%%
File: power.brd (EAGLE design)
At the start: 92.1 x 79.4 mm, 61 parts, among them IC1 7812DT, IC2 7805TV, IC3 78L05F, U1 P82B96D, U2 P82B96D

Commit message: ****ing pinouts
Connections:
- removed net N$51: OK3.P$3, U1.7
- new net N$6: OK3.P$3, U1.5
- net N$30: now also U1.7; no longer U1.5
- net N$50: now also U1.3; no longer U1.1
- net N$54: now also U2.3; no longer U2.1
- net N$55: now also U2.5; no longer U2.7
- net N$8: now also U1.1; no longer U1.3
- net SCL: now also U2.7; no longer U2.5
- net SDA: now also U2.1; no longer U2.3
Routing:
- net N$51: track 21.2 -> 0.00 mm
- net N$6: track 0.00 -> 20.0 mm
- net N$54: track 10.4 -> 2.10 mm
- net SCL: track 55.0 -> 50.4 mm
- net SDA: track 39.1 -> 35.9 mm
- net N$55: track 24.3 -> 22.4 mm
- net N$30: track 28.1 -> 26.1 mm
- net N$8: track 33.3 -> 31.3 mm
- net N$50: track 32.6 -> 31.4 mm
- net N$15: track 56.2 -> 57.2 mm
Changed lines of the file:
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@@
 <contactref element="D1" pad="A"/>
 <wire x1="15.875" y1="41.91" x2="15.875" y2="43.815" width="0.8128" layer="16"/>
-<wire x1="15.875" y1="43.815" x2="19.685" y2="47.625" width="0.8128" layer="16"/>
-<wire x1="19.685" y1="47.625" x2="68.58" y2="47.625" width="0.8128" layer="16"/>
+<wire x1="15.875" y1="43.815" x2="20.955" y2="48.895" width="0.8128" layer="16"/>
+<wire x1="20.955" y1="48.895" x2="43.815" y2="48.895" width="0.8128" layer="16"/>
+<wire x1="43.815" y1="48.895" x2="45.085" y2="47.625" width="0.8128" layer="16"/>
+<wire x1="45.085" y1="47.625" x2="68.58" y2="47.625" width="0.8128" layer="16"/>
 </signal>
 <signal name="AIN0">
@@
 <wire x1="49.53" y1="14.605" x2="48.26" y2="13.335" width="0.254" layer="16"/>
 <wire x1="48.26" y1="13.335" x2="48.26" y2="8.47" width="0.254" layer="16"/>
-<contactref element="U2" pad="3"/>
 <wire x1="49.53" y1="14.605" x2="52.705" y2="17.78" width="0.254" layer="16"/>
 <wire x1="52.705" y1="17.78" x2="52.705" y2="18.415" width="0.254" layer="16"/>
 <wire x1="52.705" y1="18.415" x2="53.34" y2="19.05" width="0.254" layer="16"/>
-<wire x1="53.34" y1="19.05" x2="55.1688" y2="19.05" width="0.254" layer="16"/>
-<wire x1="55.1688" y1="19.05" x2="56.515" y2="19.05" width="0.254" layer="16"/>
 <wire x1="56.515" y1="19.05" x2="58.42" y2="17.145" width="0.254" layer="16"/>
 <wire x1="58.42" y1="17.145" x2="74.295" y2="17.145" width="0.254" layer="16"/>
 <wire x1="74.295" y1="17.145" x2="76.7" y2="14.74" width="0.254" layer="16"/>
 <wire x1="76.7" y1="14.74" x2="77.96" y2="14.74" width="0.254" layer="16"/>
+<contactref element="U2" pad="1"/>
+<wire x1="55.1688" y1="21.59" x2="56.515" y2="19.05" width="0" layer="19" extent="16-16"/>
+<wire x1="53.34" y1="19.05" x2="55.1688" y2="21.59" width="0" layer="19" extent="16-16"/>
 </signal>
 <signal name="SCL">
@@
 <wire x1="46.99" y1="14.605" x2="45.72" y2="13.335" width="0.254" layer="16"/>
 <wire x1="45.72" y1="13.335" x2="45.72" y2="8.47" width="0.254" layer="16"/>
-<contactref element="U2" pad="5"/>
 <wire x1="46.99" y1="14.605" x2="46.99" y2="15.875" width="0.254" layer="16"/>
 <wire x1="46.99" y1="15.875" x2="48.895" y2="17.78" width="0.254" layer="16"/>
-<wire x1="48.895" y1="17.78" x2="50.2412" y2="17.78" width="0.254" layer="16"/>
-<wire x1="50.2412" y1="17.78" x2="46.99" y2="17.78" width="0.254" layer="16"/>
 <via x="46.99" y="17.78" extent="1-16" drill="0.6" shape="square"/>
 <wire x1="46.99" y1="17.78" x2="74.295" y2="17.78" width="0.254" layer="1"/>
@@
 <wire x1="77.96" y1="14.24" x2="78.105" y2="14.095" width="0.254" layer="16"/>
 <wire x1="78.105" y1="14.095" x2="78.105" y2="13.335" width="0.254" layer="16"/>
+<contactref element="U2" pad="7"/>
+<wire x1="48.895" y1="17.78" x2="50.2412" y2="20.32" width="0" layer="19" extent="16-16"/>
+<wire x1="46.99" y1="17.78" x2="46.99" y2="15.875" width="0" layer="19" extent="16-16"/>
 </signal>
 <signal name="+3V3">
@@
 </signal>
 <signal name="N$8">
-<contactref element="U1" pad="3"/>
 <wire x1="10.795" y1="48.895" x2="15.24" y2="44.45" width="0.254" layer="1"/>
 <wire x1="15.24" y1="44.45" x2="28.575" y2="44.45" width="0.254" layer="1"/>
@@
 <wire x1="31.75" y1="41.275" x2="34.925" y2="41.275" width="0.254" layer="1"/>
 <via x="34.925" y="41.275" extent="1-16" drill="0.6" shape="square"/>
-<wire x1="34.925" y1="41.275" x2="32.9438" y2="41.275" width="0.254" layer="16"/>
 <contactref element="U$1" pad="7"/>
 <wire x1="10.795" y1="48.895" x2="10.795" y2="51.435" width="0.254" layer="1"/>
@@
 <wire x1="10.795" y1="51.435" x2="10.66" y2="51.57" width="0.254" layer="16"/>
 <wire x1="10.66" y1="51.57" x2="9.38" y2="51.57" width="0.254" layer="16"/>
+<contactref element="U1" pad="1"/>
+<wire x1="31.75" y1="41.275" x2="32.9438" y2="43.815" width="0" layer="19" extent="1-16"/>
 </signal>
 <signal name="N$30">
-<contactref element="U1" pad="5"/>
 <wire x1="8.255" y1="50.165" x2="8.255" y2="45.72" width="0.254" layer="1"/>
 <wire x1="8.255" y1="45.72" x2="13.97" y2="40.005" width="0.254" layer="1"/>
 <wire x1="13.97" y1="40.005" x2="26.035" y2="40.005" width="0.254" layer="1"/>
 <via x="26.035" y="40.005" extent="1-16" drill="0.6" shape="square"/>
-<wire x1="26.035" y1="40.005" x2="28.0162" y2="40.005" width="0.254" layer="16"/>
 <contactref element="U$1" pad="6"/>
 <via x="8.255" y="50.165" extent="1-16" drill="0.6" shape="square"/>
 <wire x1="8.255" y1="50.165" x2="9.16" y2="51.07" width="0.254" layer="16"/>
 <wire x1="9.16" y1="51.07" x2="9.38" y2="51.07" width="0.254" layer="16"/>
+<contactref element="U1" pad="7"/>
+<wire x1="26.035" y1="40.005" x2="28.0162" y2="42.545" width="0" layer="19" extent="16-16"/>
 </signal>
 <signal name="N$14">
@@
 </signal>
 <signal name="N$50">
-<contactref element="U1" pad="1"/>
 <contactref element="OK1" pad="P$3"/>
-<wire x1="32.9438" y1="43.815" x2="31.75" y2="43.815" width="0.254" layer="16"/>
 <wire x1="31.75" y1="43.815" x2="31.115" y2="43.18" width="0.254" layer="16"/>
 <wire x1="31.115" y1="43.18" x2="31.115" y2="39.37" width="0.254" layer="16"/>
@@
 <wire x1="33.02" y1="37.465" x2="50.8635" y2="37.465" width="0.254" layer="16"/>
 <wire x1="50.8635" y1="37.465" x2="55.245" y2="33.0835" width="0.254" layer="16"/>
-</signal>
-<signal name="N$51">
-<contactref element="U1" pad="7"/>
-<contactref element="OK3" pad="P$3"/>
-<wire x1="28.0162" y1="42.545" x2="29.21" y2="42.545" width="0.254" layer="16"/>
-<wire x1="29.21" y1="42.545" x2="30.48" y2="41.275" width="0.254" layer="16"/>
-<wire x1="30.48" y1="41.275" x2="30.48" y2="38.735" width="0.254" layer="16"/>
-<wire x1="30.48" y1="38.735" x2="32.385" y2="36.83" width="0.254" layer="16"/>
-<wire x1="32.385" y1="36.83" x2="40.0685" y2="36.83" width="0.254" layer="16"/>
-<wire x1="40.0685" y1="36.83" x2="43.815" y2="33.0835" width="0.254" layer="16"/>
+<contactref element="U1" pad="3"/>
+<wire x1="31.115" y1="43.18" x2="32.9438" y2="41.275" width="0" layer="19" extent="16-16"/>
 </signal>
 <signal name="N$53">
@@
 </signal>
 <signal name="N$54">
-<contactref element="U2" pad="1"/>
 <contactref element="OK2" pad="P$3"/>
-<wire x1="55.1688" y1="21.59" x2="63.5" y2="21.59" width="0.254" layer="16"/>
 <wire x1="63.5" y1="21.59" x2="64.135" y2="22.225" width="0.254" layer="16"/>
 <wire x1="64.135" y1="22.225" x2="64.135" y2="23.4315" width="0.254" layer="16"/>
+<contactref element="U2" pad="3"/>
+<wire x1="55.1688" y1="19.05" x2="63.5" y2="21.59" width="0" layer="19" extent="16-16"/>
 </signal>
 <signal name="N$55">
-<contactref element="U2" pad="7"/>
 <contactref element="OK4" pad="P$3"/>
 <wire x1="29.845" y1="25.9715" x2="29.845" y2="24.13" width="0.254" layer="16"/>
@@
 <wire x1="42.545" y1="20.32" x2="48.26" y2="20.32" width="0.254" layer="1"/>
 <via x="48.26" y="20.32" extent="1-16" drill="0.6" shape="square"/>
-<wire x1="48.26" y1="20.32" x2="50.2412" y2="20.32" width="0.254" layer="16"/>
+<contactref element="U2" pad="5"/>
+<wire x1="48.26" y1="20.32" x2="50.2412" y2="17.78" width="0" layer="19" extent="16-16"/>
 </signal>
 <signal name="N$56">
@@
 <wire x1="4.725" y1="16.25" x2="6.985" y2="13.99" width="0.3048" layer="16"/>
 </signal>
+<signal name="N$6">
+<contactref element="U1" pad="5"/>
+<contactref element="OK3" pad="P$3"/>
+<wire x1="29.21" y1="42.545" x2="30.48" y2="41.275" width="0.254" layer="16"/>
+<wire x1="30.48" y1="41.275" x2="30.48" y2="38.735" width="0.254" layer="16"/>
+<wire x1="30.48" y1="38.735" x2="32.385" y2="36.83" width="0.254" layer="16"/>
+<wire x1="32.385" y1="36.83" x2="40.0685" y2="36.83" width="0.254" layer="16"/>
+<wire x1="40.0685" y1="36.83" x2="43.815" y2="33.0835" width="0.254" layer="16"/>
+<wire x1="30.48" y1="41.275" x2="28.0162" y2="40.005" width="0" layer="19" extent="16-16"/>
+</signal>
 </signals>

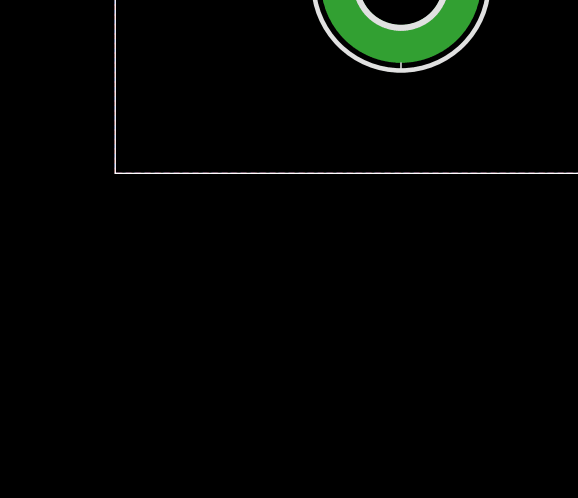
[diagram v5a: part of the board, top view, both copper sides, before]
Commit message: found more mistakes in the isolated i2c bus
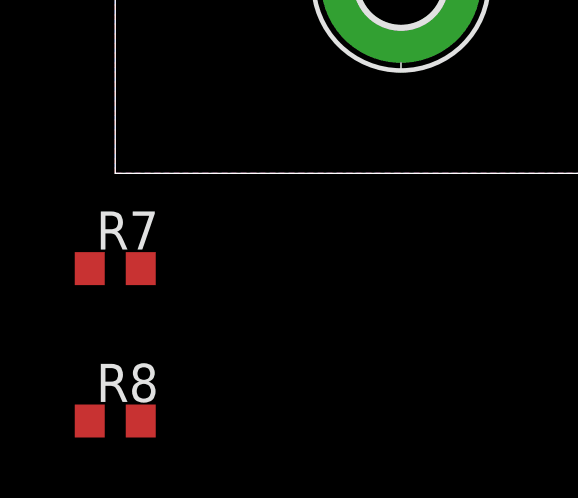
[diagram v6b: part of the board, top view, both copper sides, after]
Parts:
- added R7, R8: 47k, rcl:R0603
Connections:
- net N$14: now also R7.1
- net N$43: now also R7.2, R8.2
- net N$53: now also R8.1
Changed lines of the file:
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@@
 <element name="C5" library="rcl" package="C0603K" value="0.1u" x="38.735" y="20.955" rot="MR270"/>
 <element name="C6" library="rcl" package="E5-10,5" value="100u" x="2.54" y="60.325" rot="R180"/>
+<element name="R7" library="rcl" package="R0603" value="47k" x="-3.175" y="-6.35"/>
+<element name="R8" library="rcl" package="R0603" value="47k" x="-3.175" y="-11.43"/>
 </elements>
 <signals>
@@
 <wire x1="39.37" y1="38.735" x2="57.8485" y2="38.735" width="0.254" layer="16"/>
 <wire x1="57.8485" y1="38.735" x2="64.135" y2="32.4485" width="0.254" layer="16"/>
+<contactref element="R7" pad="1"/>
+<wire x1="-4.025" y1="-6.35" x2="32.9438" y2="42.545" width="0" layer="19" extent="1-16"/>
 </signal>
%%
> _Task prompt_: Search the records for lines holding the word "message", then copy each line you find.

> _Task response_:
Commit message: ****ing pinouts
Commit message: found more mistakes in the isolated i2c bus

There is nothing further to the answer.